Its Botanical Collection identity helps, and that subtheme has brought many nontraditional LEGO buyers into the market. Even so, the projected value of $64.96 suggests a moderate post-retirement climb rather than a sharp move. For a low-cost set, that can still be relevant, but it does not stack up with the stronger stories higher on this list.

#10 Kingfisher

Kingfisher lands last because the data gives it the weakest overall setup. It retailed for $49.99, the current estimated value is $40.00, and the premium is -20.0%. The two-year projection is $52.29, with yearly growth at 2.3%.

There is a case for the set on aesthetic grounds. Bird models have a niche audience, and the low entry price keeps it accessible. At 834 pieces, it also offers a solid build for the money. But the market is not showing much urgency.

The projected value only moves slightly above retail, and the current discount is the deepest in the group. That combination usually means one of two things: either retail supply is still too loose, or collector demand is simply narrower than expected. In either case, the numbers are not strong enough to justify a higher ranking against this field.

For collectors who like nature-themed Icons builds, it may still have appeal as a personal pickup. As a retirement candidate relative to the other nine sets here, it is the least convincing on current evidence.

What the data says across this retirement class

The biggest pattern is how uneven this Icons group is. Only four of the 10 sets currently trade above retail: Eiffel Tower, Dune Atreides Royal Ornithopter, Retro Radio, and barely, PAC-MAN Arcade if you treat flat pricing as effectively neutral. The rest are still below MSRP, in some cases by a wide margin. That tells you this retirement wave is not being driven by broad market heat. It is being driven by a few very specific products.

The second pattern is that uniqueness matters more than theme label alone. The highest-ranked sets each have a clear identity: a giant landmark, a recognizable arcade cabinet, the first Optimus Prime, and a one-off Dune aircraft with eight minifigures. Lower-ranked sets are generally attractive, but they are easier to substitute with other décor-style builds or they face softer collector urgency.
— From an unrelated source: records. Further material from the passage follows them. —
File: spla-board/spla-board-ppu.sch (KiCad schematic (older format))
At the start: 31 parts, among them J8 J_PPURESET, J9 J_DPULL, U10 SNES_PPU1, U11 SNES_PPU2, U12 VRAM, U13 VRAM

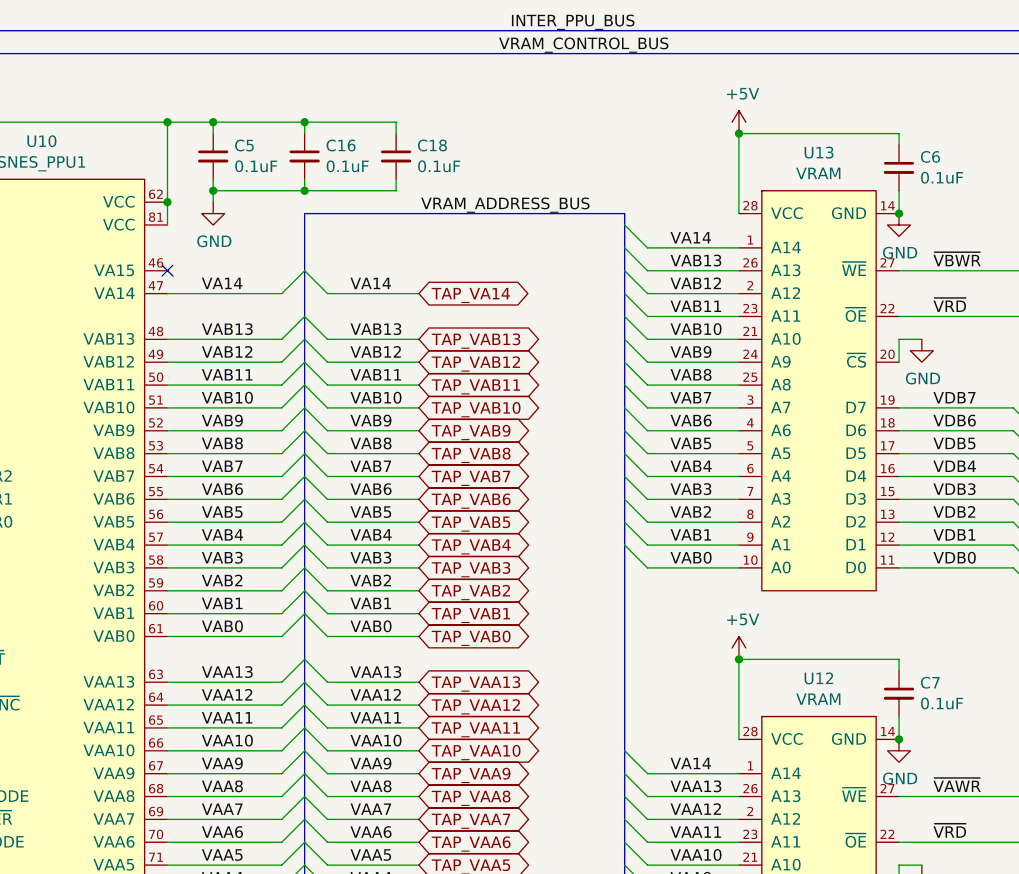
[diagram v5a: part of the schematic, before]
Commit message: schematic/pcb: Label a few more nets properly.
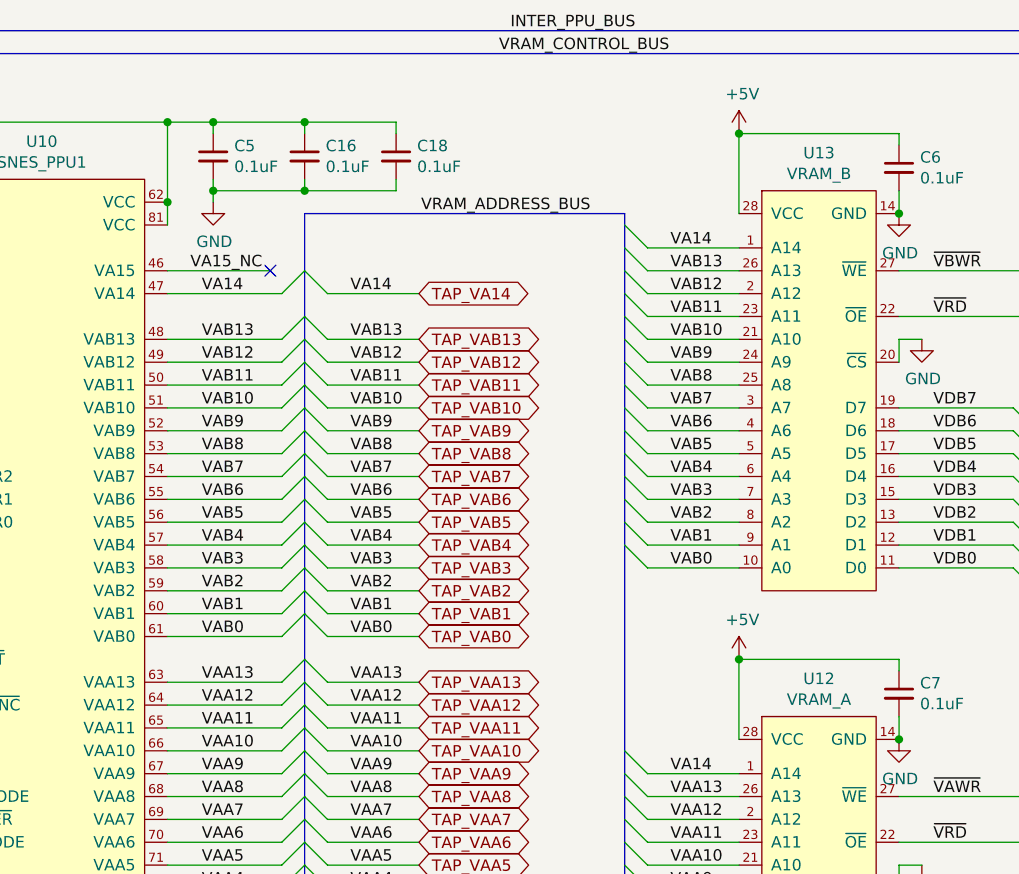
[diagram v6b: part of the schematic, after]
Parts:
- U12: value VRAM -> VRAM_A
- U13: value VRAM -> VRAM_B
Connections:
- net VA15_NC: now reaches U10.46 (VA15)
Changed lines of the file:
@@
 AR Path="/5E50E589/5E55B6D1" Ref="U13"  Part="1"
 F 0 "U13" H 9050 4965 50  0000 C CNN
-F 1 "VRAM" H 9050 4874 50  0000 C CNN
+F 1 "VRAM_B" H 9050 4874 50  0000 C CNN
 F 2 "SPLA:SOP-28_17x8mm_P1.27mm" H 9050 4050 50  0001 C CNN
 F 3 "" H 9050 4050 50  0001 C CNN
@@
 AR Path="/5E50E589/5E55C6FE" Ref="U12"  Part="1"
 F 0 "U12" H 9050 7265 50  0000 C CNN
-F 1 "VRAM" H 9050 7174 50  0000 C CNN
+F 1 "VRAM_A" H 9050 7174 50  0000 C CNN
 F 2 "SPLA:SOP-28_17x8mm_P1.27mm" H 9050 6350 50  0001 C CNN
 F 3 "" H 9050 6350 50  0001 C CNN
@@
 Wire Wire Line
 	8700 5850 8300 5850
-NoConn ~ 6200 3650
 Entry Wire Line
 	8200 4850 8300 4950
@@
 	1    0    0    -1
 $EndComp
-$Comp
-L power:GND #PWR0128
-U 1 1 5EEE50C6
-P 9500 6250
-F 0 "#PWR0128" H 9500 6000 50  0001 C CNN
-F 1 "GND" H 9505 6077 50  0000 C CNN
-F 2 "" H 9500 6250 50  0001 C CNN
-F 3 "" H 9500 6250 50  0001 C CNN
-	1    9500 6250
-	1    0    0    -1
-$EndComp
 Wire Wire Line
 	9400 4050 9400 3950
 Wire Wire Line
-	9400 3950 9500 3950
-Wire Wire Line
 	9400 6350 9400 6250
-Wire Wire Line
-	9400 6250 9500 6250
 Text Label 9550 5950 0    50   ~ 0
 ~VAWR
@@
 Connection ~ 14250 4150
 $Comp
-L power:PWR_FLAG #FLG?
+L power:PWR_FLAG #FLG0109
 U 1 1 603660AC
 P 14600 4150
-F 0 "#FLG?" H 14600 4225 50  0001 C CNN
+F 0 "#FLG0109" H 14600 4225 50  0001 C CNN
 F 1 "PWR_FLAG" H 14600 4323 50  0000 C CNN
 F 2 "" H 14600 4150 50  0001 C CNN
@@
 Wire Wire Line
 	14600 4150 14950 4150
+Wire Wire Line
+	6200 3650 6650 3650
+Text Label 6300 3650 0    50   ~ 0
+VA15_NC
+NoConn ~ 6650 3650
+Wire Wire Line
+	9400 3950 9500 3950
 Wire Bus Line
 	10200 2700 10200 6050
@@
 	3350 2700 3350 6550
 Wire Bus Line
-	4550 2600 4550 5150
+	6800 7050 6800 9400
 Wire Bus Line
-	10850 2600 10850 5450
+	13350 6150 13350 9400
 Wire Bus Line
-	6800 7050 6800 9400
+	10000 4350 10000 9400
 Wire Bus Line
 	11100 6950 11100 9500
@@
 	4550 6950 4550 9500
 Wire Bus Line
-	6800 3400 6800 6650
+	10850 2600 10850 5450
 Wire Bus Line
 	8200 3400 8200 7150
 Wire Bus Line
-	13350 6150 13350 9400
+	6800 3400 6800 6650
 Wire Bus Line
-	10000 4350 10000 9400
+	4550 2600 4550 5150
+Wire Wire Line
+	9400 6250 9500 6250
+$Comp
+L power:GND #PWR0128
+U 1 1 5EEE50C6
+P 9500 6250
+F 0 "#PWR0128" H 9500 6000 50  0001 C CNN
+F 1 "GND" H 9505 6077 50  0000 C CNN
+F 2 "" H 9500 6250 50  0001 C CNN
+F 3 "" H 9500 6250 50  0001 C CNN
+	1    9500 6250
+	1    0    0    -1
+$EndComp
 $EndSCHEMATC
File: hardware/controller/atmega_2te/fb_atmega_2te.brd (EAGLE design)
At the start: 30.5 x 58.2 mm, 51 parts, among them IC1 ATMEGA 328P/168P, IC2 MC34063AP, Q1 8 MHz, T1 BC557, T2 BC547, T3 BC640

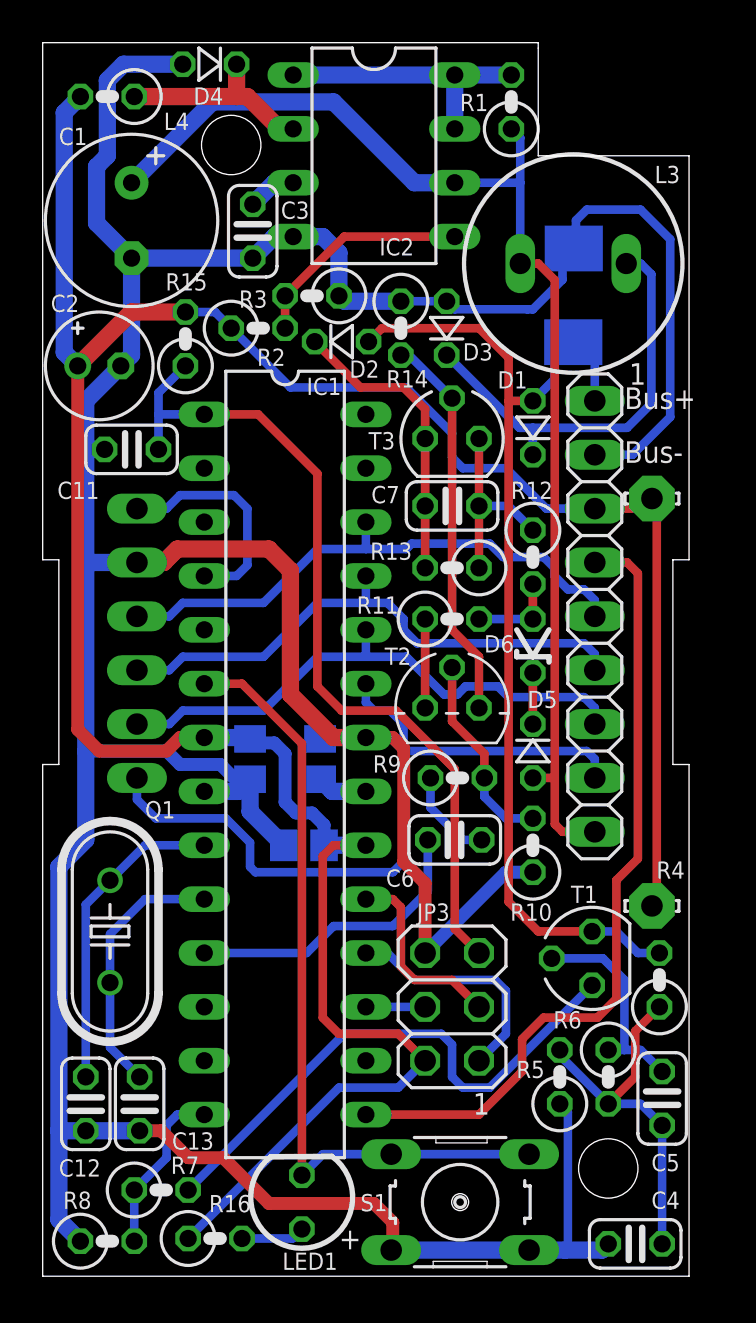
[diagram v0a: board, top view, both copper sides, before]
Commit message: Upgraded fb_atmega_2te to version 1.1
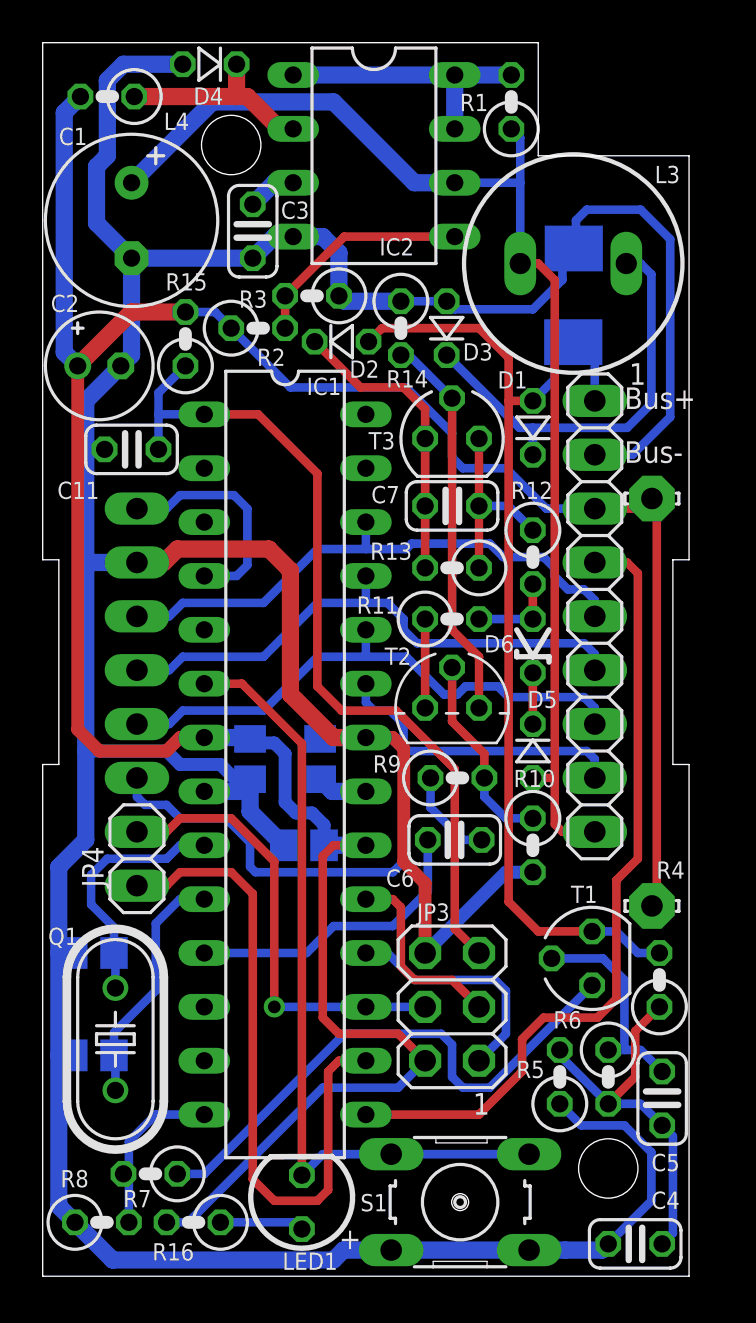
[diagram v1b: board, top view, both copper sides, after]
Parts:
- added JP4: für 2 Kanal PWM, pinhead:1X02
- C12, C13: device rcl:C025-024X044 -> rcl:C0805
- moved C12 7.12 mm to (2.41, 15.2), flipped to the bottom, turned to 0 degrees
- moved Q1 5.09 mm to (3.43, 11.2)
- moved C13 3.14 mm to (2.41, 10.4), flipped to the bottom, turned to 0 degrees
- moved R16 1.27 mm to (7.11, 2.54), turned to 180 degrees
- moved R8 0.92 mm to (2.79, 2.54)
- moved R7 0.92 mm to (5.08, 4.83), turned to 180 degrees
- turned R10 to 270 degrees
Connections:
- removed net MOSI: IC1.17, JP3.4
- removed net SS: IC1.16
- new net MOSI/OC2A: IC1.17, JP3.4, JP4.2
- new net OC1B: IC1.16, JP4.1
- net +3V3: now also R16.2; no longer R16.1
- net EIB_IN: now also R7.2; no longer R7.1
- net GND: now also R10.2; no longer R10.1
- net N$14: now also R7.1; no longer R7.2
- net N$20: now also R10.1; no longer R10.2
- net N$9: now also R16.1; no longer R16.2
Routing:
- net OC1B: track 0.00 -> 31.4 mm
- net MOSI/OC2A: track 0.00 -> 21.6 mm, vias 0 -> 1
- net N$39: track 14.9 -> 11.8 mm
- net MOSI: track 2.79 -> 0.00 mm
- net N$9: track 3.01 -> 3.97 mm
- net N$38: track 12.4 -> 11.5 mm
- net GND: track 199.4 -> 200.3 mm
- net +3V3: track 131.1 -> 131.8 mm
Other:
- outline, holes or cut-outs redrawn

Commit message: Upgraded fb_atmega_2te to version 1.2
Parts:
- turned L4 to 0 degrees
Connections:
- net +3V3: now also L4.1; no longer L4.2
- net N$26: now also L4.2; no longer L4.1
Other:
- board text added: "-"
- board text added: "Bus"
- board text removed: "Bus+"
- board text removed: "Bus-"
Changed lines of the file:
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@@
 <?xml version="1.0" encoding="utf-8"?>
 <!DOCTYPE eagle SYSTEM "eagle.dtd">
-<eagle version="6.4">
+<eagle version="6.3">
 <drawing>
 <settings>
@@
 <layer number="25" name="tNames" color="7" fill="1" visible="yes" active="yes"/>
 <layer number="26" name="bNames" color="7" fill="1" visible="yes" active="yes"/>
-<layer number="27" name="tValues" color="7" fill="1" visible="yes" active="yes"/>
-<layer number="28" name="bValues" color="7" fill="1" visible="yes" active="yes"/>
+<layer number="27" name="tValues" color="7" fill="1" visible="no" active="yes"/>
+<layer number="28" name="bValues" color="7" fill="1" visible="no" active="yes"/>
 <layer number="29" name="tStop" color="7" fill="3" visible="no" active="yes"/>
 <layer number="30" name="bStop" color="7" fill="6" visible="no" active="yes"/>
@@
 <hole x="8.8898" y="53.3401" drill="2.8"/>
 <hole x="19.685" y="3.4925" drill="0.8"/>
-<text x="27.432" y="40.894" size="1.016" layer="21">Bus+</text>
-<text x="27.432" y="38.354" size="1.016" layer="21">Bus-</text>
+<text x="28.194" y="41.148" size="1.016" layer="21">+</text>
 <text x="21.082" y="8.636" size="1.016" layer="21" rot="R180">1</text>
 <text x="13.97" y="1.27" size="1.016" layer="21">+</text>
@@
 <wire x1="0.762" y1="24.13" x2="0" y2="24.13" width="0.0254" layer="20"/>
 <wire x1="0" y1="24.13" x2="0" y2="0" width="0.0254" layer="20"/>
+<text x="28.448" y="37.846" size="1.016" layer="21">-</text>
+<text x="28.956" y="38.608" size="1.016" layer="21" rot="R90">Bus</text>
 </plain>
 <attributes>
@@
 <elements>
 <element name="S1" library="switch-omron" package="B3F-10XX" value="Programmier Taster" x="19.6849" y="3.4926" locked="yes" smashed="yes" rot="R180">
-<attribute name="NAME" x="16.2558" y="3.8737" size="0.8128" layer="25" ratio="10" rot="R180"/>
+<attribute name="NAME" x="24.6378" y="3.8737" size="0.8128" layer="25" ratio="10" rot="R180"/>
 <attribute name="OC_NEWARK" value="36M3542" x="19.6849" y="3.4926" size="1.778" layer="27" rot="R180" display="off"/>
 <attribute name="MPN" value="B3F-1000" x="19.6849" y="3.4926" size="1.778" layer="27" rot="R180" display="off"/>
@@
 </element>
 <element name="C6" library="rcl" package="C025-024X044" value="10nF" x="19.431" y="20.574" smashed="yes" rot="R180">
-<attribute name="NAME" x="17.526" y="19.177" size="0.8128" layer="25" ratio="10" rot="R180"/>
+<attribute name="NAME" x="20.066" y="19.177" size="0.8128" layer="25" ratio="10" rot="R180"/>
 </element>
 <element name="R9" library="rcl" package="0207/2V" value="5k6" x="19.558" y="23.495" smashed="yes">
-<attribute name="NAME" x="15.5702" y="23.749" size="0.8128" layer="25" ratio="10"/>
+<attribute name="NAME" x="19.6342" y="21.971" size="0.8128" layer="25" ratio="10"/>
 </element>
 <element name="R10" library="rcl" package="0207/2V" value="100k" x="23.114" y="20.32" smashed="yes" rot="R270">
-<attribute name="NAME" x="24.1808" y="23.876" size="0.8128" layer="25" ratio="10" rot="R180"/>
+<attribute name="NAME" x="23.9268" y="18.034" size="0.8128" layer="25" ratio="10" rot="R180"/>
 </element>
 <element name="IC2" library="mc34063" package="DIL08" value="MC34063AP" x="15.621" y="52.832" smashed="yes" rot="R270">
@@
 </element>
 <element name="R15" library="rcl" package="0207/2V" value="10k" x="6.731" y="44.196" smashed="yes" rot="R90">
-<attribute name="NAME" x="5.7912" y="46.482" size="0.8128" layer="25" ratio="10"/>
+<attribute name="NAME" x="6.2992" y="46.482" size="0.8128" layer="25" ratio="10"/>
 </element>
 <element name="C11" library="rcl" package="C025-024X044" value="100nF" x="4.191" y="38.989" smashed="yes">
@@
 </element>
 <element name="D4" library="diode" package="D-2.5" value="BAT46" x="7.874" y="57.15" smashed="yes" rot="R180">
-<attribute name="NAME" x="7.112" y="55.245" size="0.8128" layer="25" ratio="10"/>
+<attribute name="NAME" x="6.604" y="55.245" size="0.8128" layer="25" ratio="10"/>
 </element>
 <element name="D1" library="diode" package="D-2.5" value="1N4148" x="23.114" y="40.005" smashed="yes" rot="R90">
@@
 <attribute name="VALUE" x="28.269" y="50.752" size="0.8128" layer="27" rot="R180"/>
 </element>
-<element name="L4" library="rcl" package="0207/2V" value="220µ" x="3.048" y="55.626" smashed="yes" rot="R180">
-<attribute name="NAME" x="6.9088" y="54.864" size="0.8128" layer="25" ratio="10" rot="R180"/>
-<attribute name="VALUE" x="3.3528" y="57.6072" size="0.8128" layer="27" ratio="10" rot="R180"/>
+<element name="L4" library="rcl" package="0207/2V" value="220µ" x="3.048" y="55.626" smashed="yes">
+<attribute name="NAME" x="2.7432" y="56.896" size="0.8128" layer="25" ratio="10"/>
+<attribute name="VALUE" x="2.7432" y="53.6448" size="0.8128" layer="27" ratio="10"/>
 </element>
 <element name="Q1" library="crystal" package="HC49U-V" value="8 MHz" x="3.429" y="11.176" smashed="yes" rot="R270">
@@
 <contactref element="IC2" pad="2"/>
 <contactref element="D4" pad="C"/>
-<contactref element="L4" pad="1"/>
+<contactref element="L4" pad="2"/>
 <wire x1="4.318" y1="55.626" x2="9.144" y2="55.626" width="0.8128" layer="1"/>
 <wire x1="9.144" y1="55.626" x2="9.652" y2="55.626" width="0.8128" layer="1"/>
@@
 <contactref element="C2" pad="+"/>
 <contactref element="R2" pad="1"/>
-<contactref element="L4" pad="2"/>
+<contactref element="L4" pad="1"/>
 <contactref element="IC1" pad="7"/>
 <contactref element="C8" pad="1"/>

Finally, price point cuts both ways. The most expensive set, Eiffel Tower, has the strongest current premium because scarcity at that size can build quickly. But the mid-priced and lower-priced sets need either a very strong license or a very distinct concept to separate themselves. Without that, the projections stay close to retail. In this batch, the market is rewarding sets that feel hard to replace once they leave shelves, and it is treating the rest as nice display pieces with limited pricing pressure.

Data as of July 7, 2026.

Based on historical market data from BrickEconomy's pricing models. Past performance does not guarantee future appreciation. Prices reflect estimated secondary market values and may vary by condition and seller.

This article was generated by BrickEconomy's market analysis system. All prices sourced from our data methodology. Data as of July 7, 2026.